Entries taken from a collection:
-*-*-

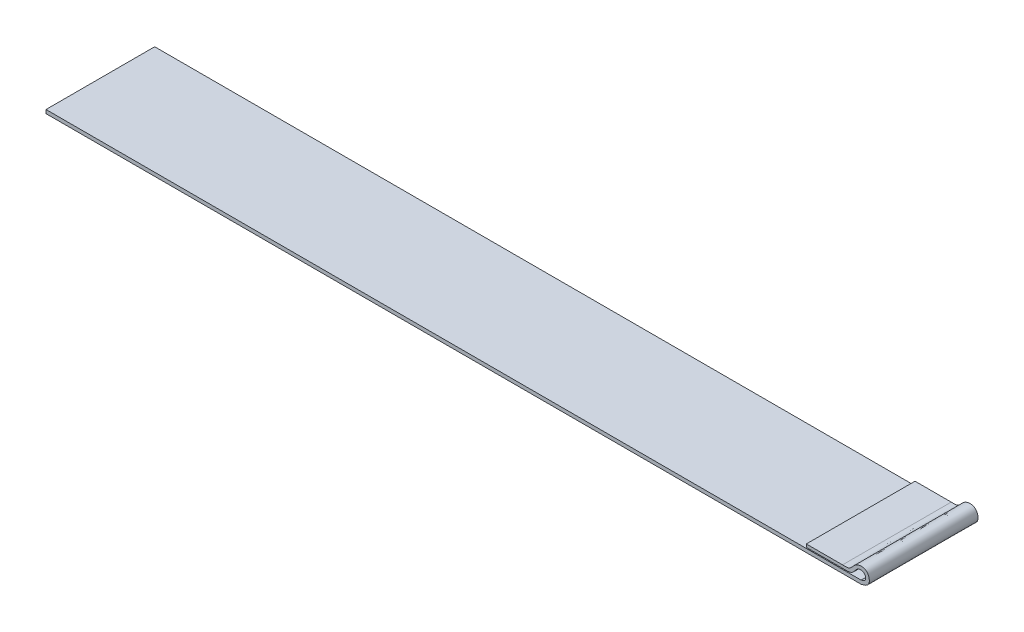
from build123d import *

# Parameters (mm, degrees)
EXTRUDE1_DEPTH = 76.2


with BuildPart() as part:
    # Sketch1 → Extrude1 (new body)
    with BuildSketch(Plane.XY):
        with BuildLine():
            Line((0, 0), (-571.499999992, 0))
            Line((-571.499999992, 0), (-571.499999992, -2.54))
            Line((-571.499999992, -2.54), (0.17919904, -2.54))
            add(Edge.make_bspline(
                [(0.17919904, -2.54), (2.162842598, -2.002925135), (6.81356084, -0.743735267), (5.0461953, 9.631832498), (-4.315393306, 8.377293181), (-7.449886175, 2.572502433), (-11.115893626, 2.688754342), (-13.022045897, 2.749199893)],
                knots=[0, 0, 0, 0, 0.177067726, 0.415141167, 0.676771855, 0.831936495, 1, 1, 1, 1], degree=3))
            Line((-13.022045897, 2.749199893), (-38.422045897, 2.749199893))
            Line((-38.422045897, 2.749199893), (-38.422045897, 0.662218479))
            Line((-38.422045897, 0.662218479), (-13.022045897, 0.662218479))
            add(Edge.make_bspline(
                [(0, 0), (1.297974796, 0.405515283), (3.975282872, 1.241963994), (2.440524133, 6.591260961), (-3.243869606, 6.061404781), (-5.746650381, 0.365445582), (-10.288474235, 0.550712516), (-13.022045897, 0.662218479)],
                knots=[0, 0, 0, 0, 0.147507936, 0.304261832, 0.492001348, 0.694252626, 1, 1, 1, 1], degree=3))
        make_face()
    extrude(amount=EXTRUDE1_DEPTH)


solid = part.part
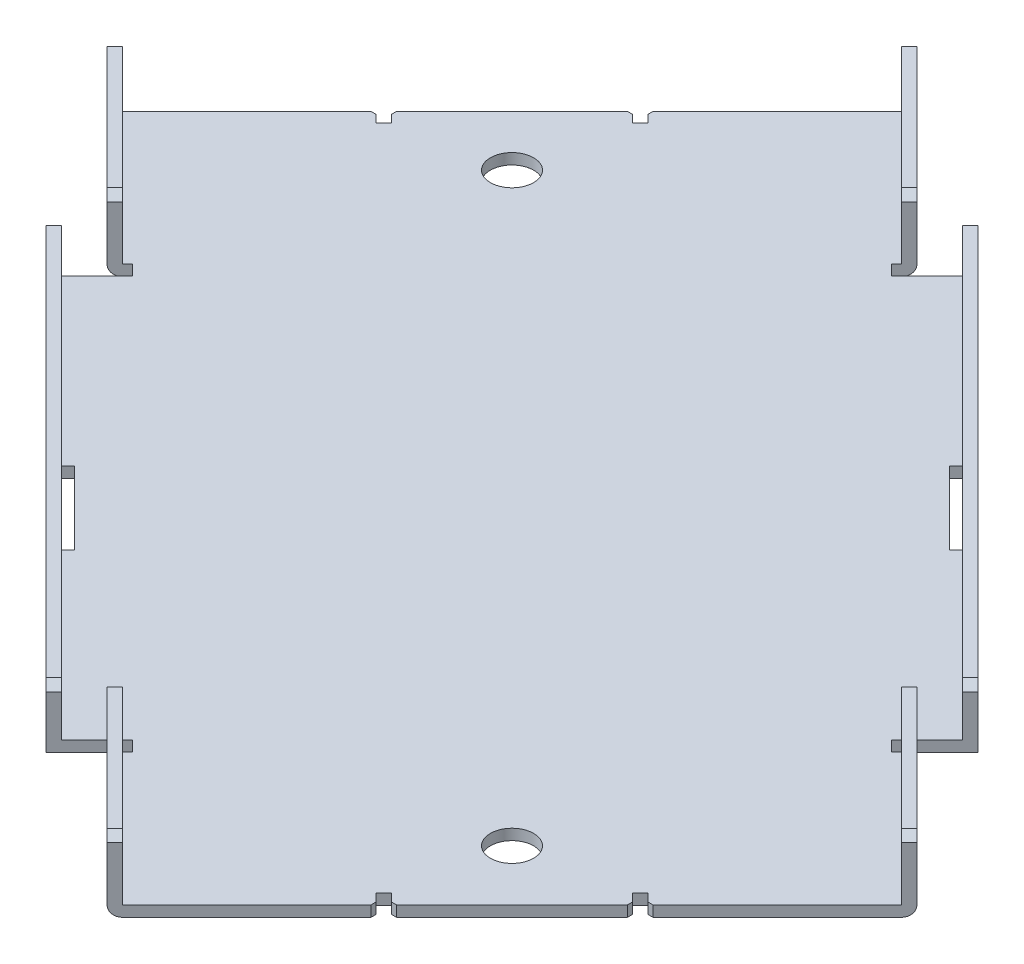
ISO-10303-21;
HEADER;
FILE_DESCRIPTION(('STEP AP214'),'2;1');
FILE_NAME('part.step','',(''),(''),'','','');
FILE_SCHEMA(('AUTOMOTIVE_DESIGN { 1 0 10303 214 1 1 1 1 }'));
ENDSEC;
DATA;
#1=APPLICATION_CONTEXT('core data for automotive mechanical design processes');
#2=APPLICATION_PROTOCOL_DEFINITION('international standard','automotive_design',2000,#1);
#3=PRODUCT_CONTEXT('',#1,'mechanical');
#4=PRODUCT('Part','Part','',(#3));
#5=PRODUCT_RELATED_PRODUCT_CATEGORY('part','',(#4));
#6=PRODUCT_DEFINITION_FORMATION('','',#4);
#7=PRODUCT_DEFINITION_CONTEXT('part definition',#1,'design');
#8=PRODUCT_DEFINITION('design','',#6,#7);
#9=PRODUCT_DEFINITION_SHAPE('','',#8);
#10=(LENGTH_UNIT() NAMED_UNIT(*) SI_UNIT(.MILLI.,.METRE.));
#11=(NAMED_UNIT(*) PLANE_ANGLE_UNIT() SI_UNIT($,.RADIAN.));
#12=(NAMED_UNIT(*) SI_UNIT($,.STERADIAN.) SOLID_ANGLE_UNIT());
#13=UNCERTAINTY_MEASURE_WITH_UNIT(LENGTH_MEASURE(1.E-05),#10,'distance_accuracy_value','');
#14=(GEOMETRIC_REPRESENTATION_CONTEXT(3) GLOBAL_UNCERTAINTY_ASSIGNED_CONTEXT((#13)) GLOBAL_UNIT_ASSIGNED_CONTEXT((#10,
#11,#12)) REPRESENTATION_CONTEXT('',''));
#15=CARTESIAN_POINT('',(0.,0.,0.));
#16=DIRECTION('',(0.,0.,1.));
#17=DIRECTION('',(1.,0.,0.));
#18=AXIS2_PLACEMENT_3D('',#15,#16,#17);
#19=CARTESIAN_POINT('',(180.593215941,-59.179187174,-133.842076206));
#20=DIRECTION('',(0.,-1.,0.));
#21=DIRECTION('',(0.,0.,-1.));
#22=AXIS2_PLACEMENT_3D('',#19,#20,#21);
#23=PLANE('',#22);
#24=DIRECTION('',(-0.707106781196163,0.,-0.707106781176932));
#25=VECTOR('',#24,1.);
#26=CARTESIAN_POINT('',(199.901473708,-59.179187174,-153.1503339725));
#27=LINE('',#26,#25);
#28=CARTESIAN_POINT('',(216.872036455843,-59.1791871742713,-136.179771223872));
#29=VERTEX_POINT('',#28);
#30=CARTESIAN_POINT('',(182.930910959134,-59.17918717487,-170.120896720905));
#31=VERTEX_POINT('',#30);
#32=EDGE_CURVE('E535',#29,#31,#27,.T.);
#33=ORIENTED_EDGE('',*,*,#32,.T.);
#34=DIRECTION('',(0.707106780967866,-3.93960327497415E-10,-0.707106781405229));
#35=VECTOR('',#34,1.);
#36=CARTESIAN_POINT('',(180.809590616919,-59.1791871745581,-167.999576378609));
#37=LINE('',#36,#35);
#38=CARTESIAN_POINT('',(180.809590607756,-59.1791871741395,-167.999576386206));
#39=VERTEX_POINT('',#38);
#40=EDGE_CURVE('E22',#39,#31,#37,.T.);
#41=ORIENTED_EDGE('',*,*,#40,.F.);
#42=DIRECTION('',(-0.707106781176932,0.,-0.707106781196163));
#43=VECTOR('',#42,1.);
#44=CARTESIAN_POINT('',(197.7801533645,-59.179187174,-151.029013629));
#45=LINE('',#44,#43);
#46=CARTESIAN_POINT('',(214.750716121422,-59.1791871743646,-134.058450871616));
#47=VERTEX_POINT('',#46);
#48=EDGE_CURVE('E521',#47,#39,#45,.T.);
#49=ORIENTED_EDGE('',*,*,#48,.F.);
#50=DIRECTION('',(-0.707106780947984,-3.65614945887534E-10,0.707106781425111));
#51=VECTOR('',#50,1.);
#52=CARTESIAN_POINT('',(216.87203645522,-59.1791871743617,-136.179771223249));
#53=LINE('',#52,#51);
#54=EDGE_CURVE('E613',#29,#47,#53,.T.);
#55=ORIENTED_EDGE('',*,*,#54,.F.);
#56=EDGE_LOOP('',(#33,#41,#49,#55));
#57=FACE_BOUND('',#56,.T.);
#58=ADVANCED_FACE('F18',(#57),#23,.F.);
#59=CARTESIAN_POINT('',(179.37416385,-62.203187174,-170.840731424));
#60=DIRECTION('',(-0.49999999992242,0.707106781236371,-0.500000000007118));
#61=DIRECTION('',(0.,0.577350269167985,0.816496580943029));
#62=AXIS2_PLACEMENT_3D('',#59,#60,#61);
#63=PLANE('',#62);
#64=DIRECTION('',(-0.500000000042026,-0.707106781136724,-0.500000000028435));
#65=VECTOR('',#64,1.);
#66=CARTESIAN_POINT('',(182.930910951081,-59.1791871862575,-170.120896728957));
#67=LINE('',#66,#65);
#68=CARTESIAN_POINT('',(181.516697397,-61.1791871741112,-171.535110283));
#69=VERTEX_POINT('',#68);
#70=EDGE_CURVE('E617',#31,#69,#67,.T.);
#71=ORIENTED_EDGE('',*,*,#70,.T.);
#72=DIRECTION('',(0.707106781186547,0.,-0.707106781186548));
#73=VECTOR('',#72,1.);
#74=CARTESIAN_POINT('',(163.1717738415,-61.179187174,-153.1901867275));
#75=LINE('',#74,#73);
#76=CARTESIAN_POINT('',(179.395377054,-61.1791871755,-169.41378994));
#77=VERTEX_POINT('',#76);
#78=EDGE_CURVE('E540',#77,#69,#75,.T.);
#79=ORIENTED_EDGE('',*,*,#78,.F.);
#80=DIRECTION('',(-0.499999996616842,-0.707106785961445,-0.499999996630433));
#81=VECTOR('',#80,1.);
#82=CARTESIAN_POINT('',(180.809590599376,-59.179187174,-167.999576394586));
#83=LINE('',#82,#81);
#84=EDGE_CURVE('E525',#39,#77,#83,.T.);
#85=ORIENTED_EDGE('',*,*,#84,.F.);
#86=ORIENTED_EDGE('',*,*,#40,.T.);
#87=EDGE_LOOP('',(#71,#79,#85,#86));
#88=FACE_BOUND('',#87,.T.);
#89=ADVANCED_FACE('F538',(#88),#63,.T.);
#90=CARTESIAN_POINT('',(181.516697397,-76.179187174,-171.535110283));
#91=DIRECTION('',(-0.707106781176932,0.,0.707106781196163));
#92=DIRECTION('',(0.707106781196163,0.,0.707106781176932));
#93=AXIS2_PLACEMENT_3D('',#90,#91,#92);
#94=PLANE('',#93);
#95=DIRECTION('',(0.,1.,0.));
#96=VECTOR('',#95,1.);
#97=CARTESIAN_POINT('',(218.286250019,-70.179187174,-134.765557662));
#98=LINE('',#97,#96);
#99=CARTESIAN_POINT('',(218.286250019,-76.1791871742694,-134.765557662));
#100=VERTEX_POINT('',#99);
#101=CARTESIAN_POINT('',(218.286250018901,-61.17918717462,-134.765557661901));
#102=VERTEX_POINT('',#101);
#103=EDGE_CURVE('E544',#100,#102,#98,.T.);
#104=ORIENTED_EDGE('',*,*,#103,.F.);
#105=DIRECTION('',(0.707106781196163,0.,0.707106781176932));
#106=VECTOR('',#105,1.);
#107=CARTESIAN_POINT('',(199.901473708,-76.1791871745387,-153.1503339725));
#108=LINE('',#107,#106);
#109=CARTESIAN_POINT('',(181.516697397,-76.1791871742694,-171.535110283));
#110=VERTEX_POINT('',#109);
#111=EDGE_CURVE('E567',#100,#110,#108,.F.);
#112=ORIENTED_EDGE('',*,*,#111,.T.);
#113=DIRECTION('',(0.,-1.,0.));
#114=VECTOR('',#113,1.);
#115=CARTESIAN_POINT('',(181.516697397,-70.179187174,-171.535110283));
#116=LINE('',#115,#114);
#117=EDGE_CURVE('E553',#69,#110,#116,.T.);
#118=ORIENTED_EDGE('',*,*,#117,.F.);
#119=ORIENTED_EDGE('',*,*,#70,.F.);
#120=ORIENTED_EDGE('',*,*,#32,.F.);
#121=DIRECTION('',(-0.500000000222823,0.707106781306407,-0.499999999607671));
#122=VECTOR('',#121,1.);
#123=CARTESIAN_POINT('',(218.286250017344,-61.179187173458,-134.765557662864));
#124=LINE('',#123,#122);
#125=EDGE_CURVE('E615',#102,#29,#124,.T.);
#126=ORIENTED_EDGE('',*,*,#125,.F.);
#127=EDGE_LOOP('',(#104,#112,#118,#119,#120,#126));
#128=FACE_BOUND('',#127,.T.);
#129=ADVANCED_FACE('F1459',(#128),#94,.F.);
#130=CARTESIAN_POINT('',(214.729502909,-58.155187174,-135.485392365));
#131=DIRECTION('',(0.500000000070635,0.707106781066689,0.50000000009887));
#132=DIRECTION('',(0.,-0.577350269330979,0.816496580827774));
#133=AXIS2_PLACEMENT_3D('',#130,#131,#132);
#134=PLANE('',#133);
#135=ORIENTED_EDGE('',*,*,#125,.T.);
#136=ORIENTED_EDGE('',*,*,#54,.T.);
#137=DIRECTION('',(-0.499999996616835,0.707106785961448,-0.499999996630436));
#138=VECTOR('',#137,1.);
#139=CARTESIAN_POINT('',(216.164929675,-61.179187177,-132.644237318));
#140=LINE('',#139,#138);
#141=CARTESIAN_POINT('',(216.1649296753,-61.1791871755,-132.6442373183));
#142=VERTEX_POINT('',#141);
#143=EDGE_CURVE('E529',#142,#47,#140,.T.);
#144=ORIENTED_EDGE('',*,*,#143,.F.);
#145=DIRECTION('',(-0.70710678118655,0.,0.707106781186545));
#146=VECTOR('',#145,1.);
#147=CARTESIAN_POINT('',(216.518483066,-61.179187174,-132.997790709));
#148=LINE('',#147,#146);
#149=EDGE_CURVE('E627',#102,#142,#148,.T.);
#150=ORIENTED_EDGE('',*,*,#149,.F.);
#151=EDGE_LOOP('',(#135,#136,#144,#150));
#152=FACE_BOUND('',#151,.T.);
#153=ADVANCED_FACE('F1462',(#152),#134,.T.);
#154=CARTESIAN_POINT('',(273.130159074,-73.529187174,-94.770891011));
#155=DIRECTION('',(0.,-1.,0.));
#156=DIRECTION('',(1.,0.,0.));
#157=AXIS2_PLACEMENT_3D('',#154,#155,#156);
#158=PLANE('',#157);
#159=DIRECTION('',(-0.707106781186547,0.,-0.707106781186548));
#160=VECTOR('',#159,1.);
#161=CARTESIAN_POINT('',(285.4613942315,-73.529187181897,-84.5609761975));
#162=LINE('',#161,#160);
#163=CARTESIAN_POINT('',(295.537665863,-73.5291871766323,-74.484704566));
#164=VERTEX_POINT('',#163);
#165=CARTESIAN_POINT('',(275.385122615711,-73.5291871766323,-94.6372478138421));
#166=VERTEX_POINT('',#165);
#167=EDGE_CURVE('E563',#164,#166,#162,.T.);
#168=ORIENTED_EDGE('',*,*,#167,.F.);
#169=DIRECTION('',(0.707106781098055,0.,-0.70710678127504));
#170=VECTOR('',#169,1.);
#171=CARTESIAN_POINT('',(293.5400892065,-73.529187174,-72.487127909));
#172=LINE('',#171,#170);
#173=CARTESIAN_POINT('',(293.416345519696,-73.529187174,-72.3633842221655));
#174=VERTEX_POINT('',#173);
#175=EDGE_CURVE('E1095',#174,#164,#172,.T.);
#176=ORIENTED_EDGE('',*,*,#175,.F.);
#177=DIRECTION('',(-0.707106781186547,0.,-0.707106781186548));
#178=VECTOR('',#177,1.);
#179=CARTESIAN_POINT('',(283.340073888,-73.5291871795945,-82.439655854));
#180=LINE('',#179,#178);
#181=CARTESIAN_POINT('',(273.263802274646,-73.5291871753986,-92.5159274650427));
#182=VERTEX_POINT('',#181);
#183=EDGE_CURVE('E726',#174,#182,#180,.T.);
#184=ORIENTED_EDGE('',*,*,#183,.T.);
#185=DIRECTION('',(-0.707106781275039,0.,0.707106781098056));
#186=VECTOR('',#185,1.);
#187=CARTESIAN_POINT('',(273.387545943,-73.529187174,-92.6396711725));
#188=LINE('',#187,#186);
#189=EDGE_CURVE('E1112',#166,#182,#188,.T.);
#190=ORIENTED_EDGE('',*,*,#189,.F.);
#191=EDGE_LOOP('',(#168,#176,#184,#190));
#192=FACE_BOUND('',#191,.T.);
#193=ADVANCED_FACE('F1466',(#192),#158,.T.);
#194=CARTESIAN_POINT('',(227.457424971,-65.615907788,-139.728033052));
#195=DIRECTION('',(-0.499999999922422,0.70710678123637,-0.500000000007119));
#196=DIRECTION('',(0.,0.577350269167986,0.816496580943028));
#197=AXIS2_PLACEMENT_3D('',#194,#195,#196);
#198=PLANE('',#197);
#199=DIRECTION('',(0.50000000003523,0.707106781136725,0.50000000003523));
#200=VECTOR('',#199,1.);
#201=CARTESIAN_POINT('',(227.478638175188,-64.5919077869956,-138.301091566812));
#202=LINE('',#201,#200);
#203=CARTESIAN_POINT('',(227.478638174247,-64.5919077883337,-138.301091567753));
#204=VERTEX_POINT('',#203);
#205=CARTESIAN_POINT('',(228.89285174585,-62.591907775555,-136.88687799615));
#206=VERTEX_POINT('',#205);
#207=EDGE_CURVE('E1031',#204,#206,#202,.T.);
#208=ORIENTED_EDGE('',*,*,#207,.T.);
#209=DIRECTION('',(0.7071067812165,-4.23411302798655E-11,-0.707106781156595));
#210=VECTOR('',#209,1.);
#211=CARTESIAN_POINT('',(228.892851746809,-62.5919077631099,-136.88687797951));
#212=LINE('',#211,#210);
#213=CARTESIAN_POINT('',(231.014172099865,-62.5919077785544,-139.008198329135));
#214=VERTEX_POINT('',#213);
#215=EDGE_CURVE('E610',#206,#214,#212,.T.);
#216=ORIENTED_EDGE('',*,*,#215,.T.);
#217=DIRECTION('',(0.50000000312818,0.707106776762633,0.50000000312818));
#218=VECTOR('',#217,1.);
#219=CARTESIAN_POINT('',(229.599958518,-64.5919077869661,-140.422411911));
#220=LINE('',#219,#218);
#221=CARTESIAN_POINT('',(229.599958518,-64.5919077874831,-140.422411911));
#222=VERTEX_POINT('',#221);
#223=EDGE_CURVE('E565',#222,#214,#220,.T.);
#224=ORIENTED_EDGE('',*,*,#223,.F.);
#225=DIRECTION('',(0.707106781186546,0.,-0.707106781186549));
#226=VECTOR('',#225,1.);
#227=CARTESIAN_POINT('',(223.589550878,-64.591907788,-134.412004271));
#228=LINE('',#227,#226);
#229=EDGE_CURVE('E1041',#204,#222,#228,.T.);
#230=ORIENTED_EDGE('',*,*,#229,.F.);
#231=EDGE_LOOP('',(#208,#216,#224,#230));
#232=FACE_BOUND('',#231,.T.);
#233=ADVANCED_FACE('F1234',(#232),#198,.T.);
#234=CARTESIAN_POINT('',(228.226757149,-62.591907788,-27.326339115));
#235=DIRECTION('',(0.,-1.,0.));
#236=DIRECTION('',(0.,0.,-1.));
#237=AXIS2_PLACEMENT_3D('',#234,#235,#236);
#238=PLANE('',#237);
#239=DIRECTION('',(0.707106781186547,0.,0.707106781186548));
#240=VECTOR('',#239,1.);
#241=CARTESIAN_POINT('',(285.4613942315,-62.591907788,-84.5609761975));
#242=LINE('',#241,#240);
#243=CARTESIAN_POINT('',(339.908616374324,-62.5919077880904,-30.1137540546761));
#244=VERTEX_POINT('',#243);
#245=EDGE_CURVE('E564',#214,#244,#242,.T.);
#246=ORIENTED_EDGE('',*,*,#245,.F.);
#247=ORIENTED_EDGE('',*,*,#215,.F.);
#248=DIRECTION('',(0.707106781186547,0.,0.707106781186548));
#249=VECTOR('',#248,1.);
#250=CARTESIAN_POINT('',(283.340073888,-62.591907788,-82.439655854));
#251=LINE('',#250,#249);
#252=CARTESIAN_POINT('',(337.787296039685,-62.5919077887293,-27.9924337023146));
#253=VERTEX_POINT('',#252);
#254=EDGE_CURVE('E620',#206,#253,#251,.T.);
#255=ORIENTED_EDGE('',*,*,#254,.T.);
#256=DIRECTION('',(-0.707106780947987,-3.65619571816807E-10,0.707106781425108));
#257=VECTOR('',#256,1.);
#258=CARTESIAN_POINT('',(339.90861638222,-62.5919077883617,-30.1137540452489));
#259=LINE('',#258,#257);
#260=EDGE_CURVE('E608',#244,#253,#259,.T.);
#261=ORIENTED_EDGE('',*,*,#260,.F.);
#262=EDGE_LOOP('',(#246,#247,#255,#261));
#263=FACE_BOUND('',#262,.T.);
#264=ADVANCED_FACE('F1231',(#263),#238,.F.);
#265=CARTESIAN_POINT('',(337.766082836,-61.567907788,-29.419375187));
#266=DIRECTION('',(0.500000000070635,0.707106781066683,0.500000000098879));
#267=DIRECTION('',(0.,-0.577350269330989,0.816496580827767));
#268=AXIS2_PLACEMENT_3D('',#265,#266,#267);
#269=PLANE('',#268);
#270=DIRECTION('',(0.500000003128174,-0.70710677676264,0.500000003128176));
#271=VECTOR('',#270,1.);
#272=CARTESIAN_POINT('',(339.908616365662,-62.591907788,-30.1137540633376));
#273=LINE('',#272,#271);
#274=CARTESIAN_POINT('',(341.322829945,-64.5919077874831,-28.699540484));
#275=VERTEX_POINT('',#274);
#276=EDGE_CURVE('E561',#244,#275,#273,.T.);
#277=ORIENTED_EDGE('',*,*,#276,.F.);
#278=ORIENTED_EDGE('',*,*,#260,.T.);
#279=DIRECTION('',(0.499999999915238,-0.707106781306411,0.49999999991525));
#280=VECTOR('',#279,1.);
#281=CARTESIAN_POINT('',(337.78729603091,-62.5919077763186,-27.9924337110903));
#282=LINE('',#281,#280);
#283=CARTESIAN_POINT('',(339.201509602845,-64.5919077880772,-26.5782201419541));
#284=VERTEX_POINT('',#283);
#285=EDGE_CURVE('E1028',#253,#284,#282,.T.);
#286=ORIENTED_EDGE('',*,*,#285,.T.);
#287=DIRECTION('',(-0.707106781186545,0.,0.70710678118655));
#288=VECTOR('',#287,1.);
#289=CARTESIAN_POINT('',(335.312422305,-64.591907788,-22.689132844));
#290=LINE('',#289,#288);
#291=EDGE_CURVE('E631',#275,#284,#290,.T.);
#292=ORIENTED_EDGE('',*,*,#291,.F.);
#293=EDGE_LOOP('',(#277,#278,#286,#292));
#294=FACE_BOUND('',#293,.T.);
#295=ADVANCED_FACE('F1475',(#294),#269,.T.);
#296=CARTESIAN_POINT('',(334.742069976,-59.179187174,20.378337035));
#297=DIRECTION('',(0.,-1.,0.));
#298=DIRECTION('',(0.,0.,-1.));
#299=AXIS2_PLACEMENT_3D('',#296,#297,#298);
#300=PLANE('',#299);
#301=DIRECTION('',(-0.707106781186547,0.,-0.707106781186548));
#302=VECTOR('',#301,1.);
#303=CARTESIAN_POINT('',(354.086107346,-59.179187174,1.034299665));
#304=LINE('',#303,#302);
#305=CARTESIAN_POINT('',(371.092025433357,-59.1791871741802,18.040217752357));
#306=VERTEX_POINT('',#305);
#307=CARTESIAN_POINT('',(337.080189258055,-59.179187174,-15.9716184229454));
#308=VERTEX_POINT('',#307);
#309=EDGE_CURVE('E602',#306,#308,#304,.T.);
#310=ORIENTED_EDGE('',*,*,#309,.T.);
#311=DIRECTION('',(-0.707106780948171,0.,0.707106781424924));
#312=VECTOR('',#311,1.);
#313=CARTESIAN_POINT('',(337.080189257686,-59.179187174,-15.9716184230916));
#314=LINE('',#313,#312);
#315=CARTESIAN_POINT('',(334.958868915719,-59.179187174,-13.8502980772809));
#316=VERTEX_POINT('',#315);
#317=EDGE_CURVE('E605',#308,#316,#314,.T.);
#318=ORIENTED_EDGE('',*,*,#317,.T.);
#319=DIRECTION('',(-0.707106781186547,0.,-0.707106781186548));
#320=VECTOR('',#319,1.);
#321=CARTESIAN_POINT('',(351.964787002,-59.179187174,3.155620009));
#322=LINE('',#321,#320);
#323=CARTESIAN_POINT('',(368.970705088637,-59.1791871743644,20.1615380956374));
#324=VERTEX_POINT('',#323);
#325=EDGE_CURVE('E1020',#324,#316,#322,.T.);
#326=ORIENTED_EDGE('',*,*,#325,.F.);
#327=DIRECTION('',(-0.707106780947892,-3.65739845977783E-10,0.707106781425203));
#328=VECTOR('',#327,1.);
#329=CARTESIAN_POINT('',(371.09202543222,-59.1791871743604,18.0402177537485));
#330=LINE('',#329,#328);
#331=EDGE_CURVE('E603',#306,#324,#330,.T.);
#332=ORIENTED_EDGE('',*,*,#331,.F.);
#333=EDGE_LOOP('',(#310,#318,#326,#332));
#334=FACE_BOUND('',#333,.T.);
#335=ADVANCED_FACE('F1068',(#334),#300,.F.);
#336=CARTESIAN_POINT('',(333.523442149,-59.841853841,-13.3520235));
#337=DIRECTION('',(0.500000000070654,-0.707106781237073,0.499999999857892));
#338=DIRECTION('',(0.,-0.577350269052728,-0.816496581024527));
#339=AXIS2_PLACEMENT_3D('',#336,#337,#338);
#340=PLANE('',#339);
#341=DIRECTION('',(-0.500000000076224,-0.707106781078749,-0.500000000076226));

-*-*-

WHAT THE TASK ASKS: Word for word, restate the lines of the data above that fall between the line holding "#143=EDGE_CURVE('E529',#142,#47,#140,.T.);" and the line holding "#162=LINE('',#161,#160);", inclusive, and no other lines.

WRITTEN SOLUTION:
#143=EDGE_CURVE('E529',#142,#47,#140,.T.);
#144=ORIENTED_EDGE('',*,*,#143,.F.);
#145=DIRECTION('',(-0.70710678118655,0.,0.707106781186545));
#146=VECTOR('',#145,1.);
#147=CARTESIAN_POINT('',(216.518483066,-61.179187174,-132.997790709));
#148=LINE('',#147,#146);
#149=EDGE_CURVE('E627',#102,#142,#148,.T.);
#150=ORIENTED_EDGE('',*,*,#149,.F.);
#151=EDGE_LOOP('',(#135,#136,#144,#150));
#152=FACE_BOUND('',#151,.T.);
#153=ADVANCED_FACE('F1462',(#152),#134,.T.);
#154=CARTESIAN_POINT('',(273.130159074,-73.529187174,-94.770891011));
#155=DIRECTION('',(0.,-1.,0.));
#156=DIRECTION('',(1.,0.,0.));
#157=AXIS2_PLACEMENT_3D('',#154,#155,#156);
#158=PLANE('',#157);
#159=DIRECTION('',(-0.707106781186547,0.,-0.707106781186548));
#160=VECTOR('',#159,1.);
#161=CARTESIAN_POINT('',(285.4613942315,-73.529187181897,-84.5609761975));
#162=LINE('',#161,#160);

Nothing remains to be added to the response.